Stored entries:
━━━━━━

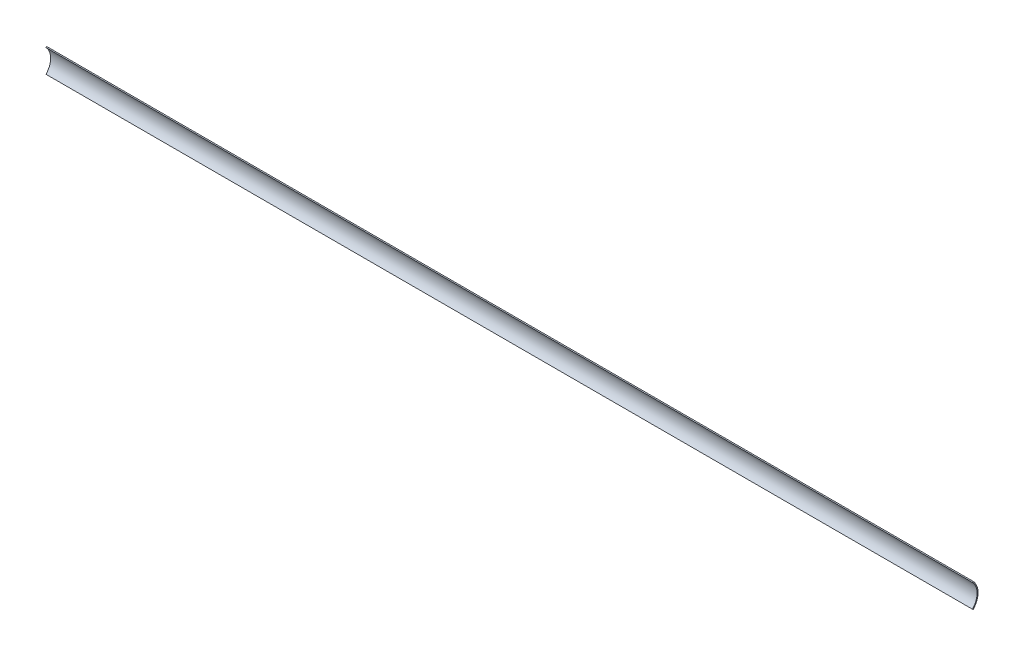
ISO-10303-21;
HEADER;
FILE_DESCRIPTION(('STEP AP214'),'2;1');
FILE_NAME('part.step','',(''),(''),'','','');
FILE_SCHEMA(('AUTOMOTIVE_DESIGN { 1 0 10303 214 1 1 1 1 }'));
ENDSEC;
DATA;
#1=APPLICATION_CONTEXT('core data for automotive mechanical design processes');
#2=APPLICATION_PROTOCOL_DEFINITION('international standard','automotive_design',2000,#1);
#3=PRODUCT_CONTEXT('',#1,'mechanical');
#4=PRODUCT('Part','Part','',(#3));
#5=PRODUCT_RELATED_PRODUCT_CATEGORY('part','',(#4));
#6=PRODUCT_DEFINITION_FORMATION('','',#4);
#7=PRODUCT_DEFINITION_CONTEXT('part definition',#1,'design');
#8=PRODUCT_DEFINITION('design','',#6,#7);
#9=PRODUCT_DEFINITION_SHAPE('','',#8);
#10=(LENGTH_UNIT() NAMED_UNIT(*) SI_UNIT(.MILLI.,.METRE.));
#11=(NAMED_UNIT(*) PLANE_ANGLE_UNIT() SI_UNIT($,.RADIAN.));
#12=(NAMED_UNIT(*) SI_UNIT($,.STERADIAN.) SOLID_ANGLE_UNIT());
#13=UNCERTAINTY_MEASURE_WITH_UNIT(LENGTH_MEASURE(1.E-05),#10,'distance_accuracy_value','');
#14=(GEOMETRIC_REPRESENTATION_CONTEXT(3) GLOBAL_UNCERTAINTY_ASSIGNED_CONTEXT((#13)) GLOBAL_UNIT_ASSIGNED_CONTEXT((#10,
#11,#12)) REPRESENTATION_CONTEXT('',''));
#15=CARTESIAN_POINT('',(0.,0.,0.));
#16=DIRECTION('',(0.,0.,1.));
#17=DIRECTION('',(1.,0.,0.));
#18=AXIS2_PLACEMENT_3D('',#15,#16,#17);
#19=CARTESIAN_POINT('',(200.,2.5,3.625));
#20=DIRECTION('',(-1.,0.,0.));
#21=DIRECTION('',(0.,0.,1.));
#22=AXIS2_PLACEMENT_3D('',#19,#20,#21);
#23=CYLINDRICAL_SURFACE('',#22,3.825);
#24=CARTESIAN_POINT('',(0.,2.5,3.625));
#25=DIRECTION('',(1.,0.,0.));
#26=DIRECTION('',(0.,1.,0.));
#27=AXIS2_PLACEMENT_3D('',#24,#25,#26);
#28=CIRCLE('',#27,3.825);
#29=CARTESIAN_POINT('',(0.,-0.13793103448276,0.855172413793104));
#30=VERTEX_POINT('',#29);
#31=CARTESIAN_POINT('',(0.,5.13793103448276,0.855172413793102));
#32=VERTEX_POINT('',#31);
#33=EDGE_CURVE('E102',#30,#32,#28,.T.);
#34=ORIENTED_EDGE('',*,*,#33,.T.);
#35=DIRECTION('',(-1.,0.,0.));
#36=VECTOR('',#35,1.);
#37=CARTESIAN_POINT('',(200.,5.13793103448276,0.855172413793102));
#38=LINE('',#37,#36);
#39=CARTESIAN_POINT('',(200.,5.13793103448276,0.855172413793102));
#40=VERTEX_POINT('',#39);
#41=EDGE_CURVE('E11',#40,#32,#38,.T.);
#42=ORIENTED_EDGE('',*,*,#41,.F.);
#43=CARTESIAN_POINT('',(200.,2.5,3.625));
#44=DIRECTION('',(1.,0.,0.));
#45=DIRECTION('',(0.,1.,0.));
#46=AXIS2_PLACEMENT_3D('',#43,#44,#45);
#47=CIRCLE('',#46,3.825);
#48=CARTESIAN_POINT('',(200.,-0.13793103448276,0.855172413793104));
#49=VERTEX_POINT('',#48);
#50=EDGE_CURVE('E79',#49,#40,#47,.T.);
#51=ORIENTED_EDGE('',*,*,#50,.F.);
#52=DIRECTION('',(-1.,0.,0.));
#53=VECTOR('',#52,1.);
#54=CARTESIAN_POINT('',(200.,-0.13793103448276,0.855172413793104));
#55=LINE('',#54,#53);
#56=EDGE_CURVE('E55',#49,#30,#55,.T.);
#57=ORIENTED_EDGE('',*,*,#56,.T.);
#58=EDGE_LOOP('',(#34,#42,#51,#57));
#59=FACE_BOUND('',#58,.T.);
#60=ADVANCED_FACE('F39',(#59),#23,.T.);
#61=CARTESIAN_POINT('',(200.,5.,0.999999999999999));
#62=DIRECTION('',(0.,0.724137931034486,0.68965517241379));
#63=DIRECTION('',(0.,-0.68965517241379,0.724137931034486));
#64=AXIS2_PLACEMENT_3D('',#61,#62,#63);
#65=PLANE('',#64);
#66=DIRECTION('',(0.,0.68965517241379,-0.724137931034486));
#67=VECTOR('',#66,1.);
#68=CARTESIAN_POINT('',(0.,5.,0.999999999999999));
#69=LINE('',#68,#67);
#70=CARTESIAN_POINT('',(0.,5.,0.999999999999999));
#71=VERTEX_POINT('',#70);
#72=EDGE_CURVE('E88',#71,#32,#69,.T.);
#73=ORIENTED_EDGE('',*,*,#72,.F.);
#74=DIRECTION('',(-1.,0.,0.));
#75=VECTOR('',#74,1.);
#76=CARTESIAN_POINT('',(200.,5.,0.999999999999999));
#77=LINE('',#76,#75);
#78=CARTESIAN_POINT('',(200.,5.,0.999999999999999));
#79=VERTEX_POINT('',#78);
#80=EDGE_CURVE('E47',#79,#71,#77,.T.);
#81=ORIENTED_EDGE('',*,*,#80,.F.);
#82=DIRECTION('',(0.,0.68965517241379,-0.724137931034486));
#83=VECTOR('',#82,1.);
#84=CARTESIAN_POINT('',(200.,5.,0.999999999999999));
#85=LINE('',#84,#83);
#86=EDGE_CURVE('E86',#79,#40,#85,.T.);
#87=ORIENTED_EDGE('',*,*,#86,.T.);
#88=ORIENTED_EDGE('',*,*,#41,.T.);
#89=EDGE_LOOP('',(#73,#81,#87,#88));
#90=FACE_BOUND('',#89,.T.);
#91=ADVANCED_FACE('F85',(#90),#65,.T.);
#92=CARTESIAN_POINT('',(200.,2.5,3.625));
#93=DIRECTION('',(-1.,0.,0.));
#94=DIRECTION('',(0.,0.,1.));
#95=AXIS2_PLACEMENT_3D('',#92,#93,#94);
#96=CYLINDRICAL_SURFACE('',#95,3.625);
#97=CARTESIAN_POINT('',(0.,2.5,3.625));
#98=DIRECTION('',(1.,0.,0.));
#99=DIRECTION('',(0.,0.,-1.));
#100=AXIS2_PLACEMENT_3D('',#97,#98,#99);
#101=CIRCLE('',#100,3.625);
#102=CARTESIAN_POINT('',(0.,0.,1.));
#103=VERTEX_POINT('',#102);
#104=EDGE_CURVE('E105',#103,#71,#101,.T.);
#105=ORIENTED_EDGE('',*,*,#104,.F.);
#106=DIRECTION('',(-1.,0.,0.));
#107=VECTOR('',#106,1.);
#108=CARTESIAN_POINT('',(200.,0.,1.));
#109=LINE('',#108,#107);
#110=CARTESIAN_POINT('',(200.,0.,1.));
#111=VERTEX_POINT('',#110);
#112=EDGE_CURVE('E68',#111,#103,#109,.T.);
#113=ORIENTED_EDGE('',*,*,#112,.F.);
#114=CARTESIAN_POINT('',(200.,2.5,3.625));
#115=DIRECTION('',(1.,0.,0.));
#116=DIRECTION('',(0.,0.,-1.));
#117=AXIS2_PLACEMENT_3D('',#114,#115,#116);
#118=CIRCLE('',#117,3.625);
#119=EDGE_CURVE('E94',#111,#79,#118,.T.);
#120=ORIENTED_EDGE('',*,*,#119,.T.);
#121=ORIENTED_EDGE('',*,*,#80,.T.);
#122=EDGE_LOOP('',(#105,#113,#120,#121));
#123=FACE_BOUND('',#122,.T.);
#124=ADVANCED_FACE('F96',(#123),#96,.F.);
#125=CARTESIAN_POINT('',(200.,-0.13793103448276,0.855172413793104));
#126=DIRECTION('',(0.,-0.724137931034477,0.689655172413799));
#127=DIRECTION('',(0.,-0.689655172413799,-0.724137931034477));
#128=AXIS2_PLACEMENT_3D('',#125,#126,#127);
#129=PLANE('',#128);
#130=DIRECTION('',(0.,0.689655172413799,0.724137931034477));
#131=VECTOR('',#130,1.);
#132=CARTESIAN_POINT('',(0.,-0.13793103448276,0.855172413793104));
#133=LINE('',#132,#131);
#134=EDGE_CURVE('E107',#30,#103,#133,.T.);
#135=ORIENTED_EDGE('',*,*,#134,.F.);
#136=ORIENTED_EDGE('',*,*,#56,.F.);
#137=DIRECTION('',(0.,0.689655172413799,0.724137931034477));
#138=VECTOR('',#137,1.);
#139=CARTESIAN_POINT('',(200.,-0.13793103448276,0.855172413793104));
#140=LINE('',#139,#138);
#141=EDGE_CURVE('E97',#49,#111,#140,.T.);
#142=ORIENTED_EDGE('',*,*,#141,.T.);
#143=ORIENTED_EDGE('',*,*,#112,.T.);
#144=EDGE_LOOP('',(#135,#136,#142,#143));
#145=FACE_BOUND('',#144,.T.);
#146=ADVANCED_FACE('F113',(#145),#129,.T.);
#147=CARTESIAN_POINT('',(200.,2.5,3.625));
#148=DIRECTION('',(1.,0.,0.));
#149=DIRECTION('',(0.,1.,0.));
#150=AXIS2_PLACEMENT_3D('',#147,#148,#149);
#151=PLANE('',#150);
#152=ORIENTED_EDGE('',*,*,#50,.T.);
#153=ORIENTED_EDGE('',*,*,#86,.F.);
#154=ORIENTED_EDGE('',*,*,#119,.F.);
#155=ORIENTED_EDGE('',*,*,#141,.F.);
#156=EDGE_LOOP('',(#152,#153,#154,#155));
#157=FACE_BOUND('',#156,.T.);
#158=ADVANCED_FACE('F93',(#157),#151,.T.);
#159=CARTESIAN_POINT('',(0.,2.5,3.625));
#160=DIRECTION('',(1.,0.,0.));
#161=DIRECTION('',(0.,1.,0.));
#162=AXIS2_PLACEMENT_3D('',#159,#160,#161);
#163=PLANE('',#162);
#164=ORIENTED_EDGE('',*,*,#33,.F.);
#165=ORIENTED_EDGE('',*,*,#134,.T.);
#166=ORIENTED_EDGE('',*,*,#104,.T.);
#167=ORIENTED_EDGE('',*,*,#72,.T.);
#168=EDGE_LOOP('',(#164,#165,#166,#167));
#169=FACE_BOUND('',#168,.T.);
#170=ADVANCED_FACE('F112',(#169),#163,.F.);
#171=CLOSED_SHELL('',(#60,#91,#124,#146,#158,#170));
#172=MANIFOLD_SOLID_BREP('B2',#171);
#173=ADVANCED_BREP_SHAPE_REPRESENTATION('',(#18,#172),#14);
#174=SHAPE_DEFINITION_REPRESENTATION(#9,#173);
ENDSEC;
END-ISO-10303-21;

━━━━━━

What you are asked to do: Above are the records; print exactly the lines from the line with "#93=DIRECTION('',(-1.,0.,0.));" to the line with "#152=ORIENTED_EDGE('',*,*,#50,.T.);", including both, and nothing else.

Answer to the exercise:
#93=DIRECTION('',(-1.,0.,0.));
#94=DIRECTION('',(0.,0.,1.));
#95=AXIS2_PLACEMENT_3D('',#92,#93,#94);
#96=CYLINDRICAL_SURFACE('',#95,3.625);
#97=CARTESIAN_POINT('',(0.,2.5,3.625));
#98=DIRECTION('',(1.,0.,0.));
#99=DIRECTION('',(0.,0.,-1.));
#100=AXIS2_PLACEMENT_3D('',#97,#98,#99);
#101=CIRCLE('',#100,3.625);
#102=CARTESIAN_POINT('',(0.,0.,1.));
#103=VERTEX_POINT('',#102);
#104=EDGE_CURVE('E105',#103,#71,#101,.T.);
#105=ORIENTED_EDGE('',*,*,#104,.F.);
#106=DIRECTION('',(-1.,0.,0.));
#107=VECTOR('',#106,1.);
#108=CARTESIAN_POINT('',(200.,0.,1.));
#109=LINE('',#108,#107);
#110=CARTESIAN_POINT('',(200.,0.,1.));
#111=VERTEX_POINT('',#110);
#112=EDGE_CURVE('E68',#111,#103,#109,.T.);
#113=ORIENTED_EDGE('',*,*,#112,.F.);
#114=CARTESIAN_POINT('',(200.,2.5,3.625));
#115=DIRECTION('',(1.,0.,0.));
#116=DIRECTION('',(0.,0.,-1.));
#117=AXIS2_PLACEMENT_3D('',#114,#115,#116);
#118=CIRCLE('',#117,3.625);
#119=EDGE_CURVE('E94',#111,#79,#118,.T.);
#120=ORIENTED_EDGE('',*,*,#119,.T.);
#121=ORIENTED_EDGE('',*,*,#80,.T.);
#122=EDGE_LOOP('',(#105,#113,#120,#121));
#123=FACE_BOUND('',#122,.T.);
#124=ADVANCED_FACE('F96',(#123),#96,.F.);
#125=CARTESIAN_POINT('',(200.,-0.13793103448276,0.855172413793104));
#126=DIRECTION('',(0.,-0.724137931034477,0.689655172413799));
#127=DIRECTION('',(0.,-0.689655172413799,-0.724137931034477));
#128=AXIS2_PLACEMENT_3D('',#125,#126,#127);
#129=PLANE('',#128);
#130=DIRECTION('',(0.,0.689655172413799,0.724137931034477));
#131=VECTOR('',#130,1.);
#132=CARTESIAN_POINT('',(0.,-0.13793103448276,0.855172413793104));
#133=LINE('',#132,#131);
#134=EDGE_CURVE('E107',#30,#103,#133,.T.);
#135=ORIENTED_EDGE('',*,*,#134,.F.);
#136=ORIENTED_EDGE('',*,*,#56,.F.);
#137=DIRECTION('',(0.,0.689655172413799,0.724137931034477));
#138=VECTOR('',#137,1.);
#139=CARTESIAN_POINT('',(200.,-0.13793103448276,0.855172413793104));
#140=LINE('',#139,#138);
#141=EDGE_CURVE('E97',#49,#111,#140,.T.);
#142=ORIENTED_EDGE('',*,*,#141,.T.);
#143=ORIENTED_EDGE('',*,*,#112,.T.);
#144=EDGE_LOOP('',(#135,#136,#142,#143));
#145=FACE_BOUND('',#144,.T.);
#146=ADVANCED_FACE('F113',(#145),#129,.T.);
#147=CARTESIAN_POINT('',(200.,2.5,3.625));
#148=DIRECTION('',(1.,0.,0.));
#149=DIRECTION('',(0.,1.,0.));
#150=AXIS2_PLACEMENT_3D('',#147,#148,#149);
#151=PLANE('',#150);
#152=ORIENTED_EDGE('',*,*,#50,.T.);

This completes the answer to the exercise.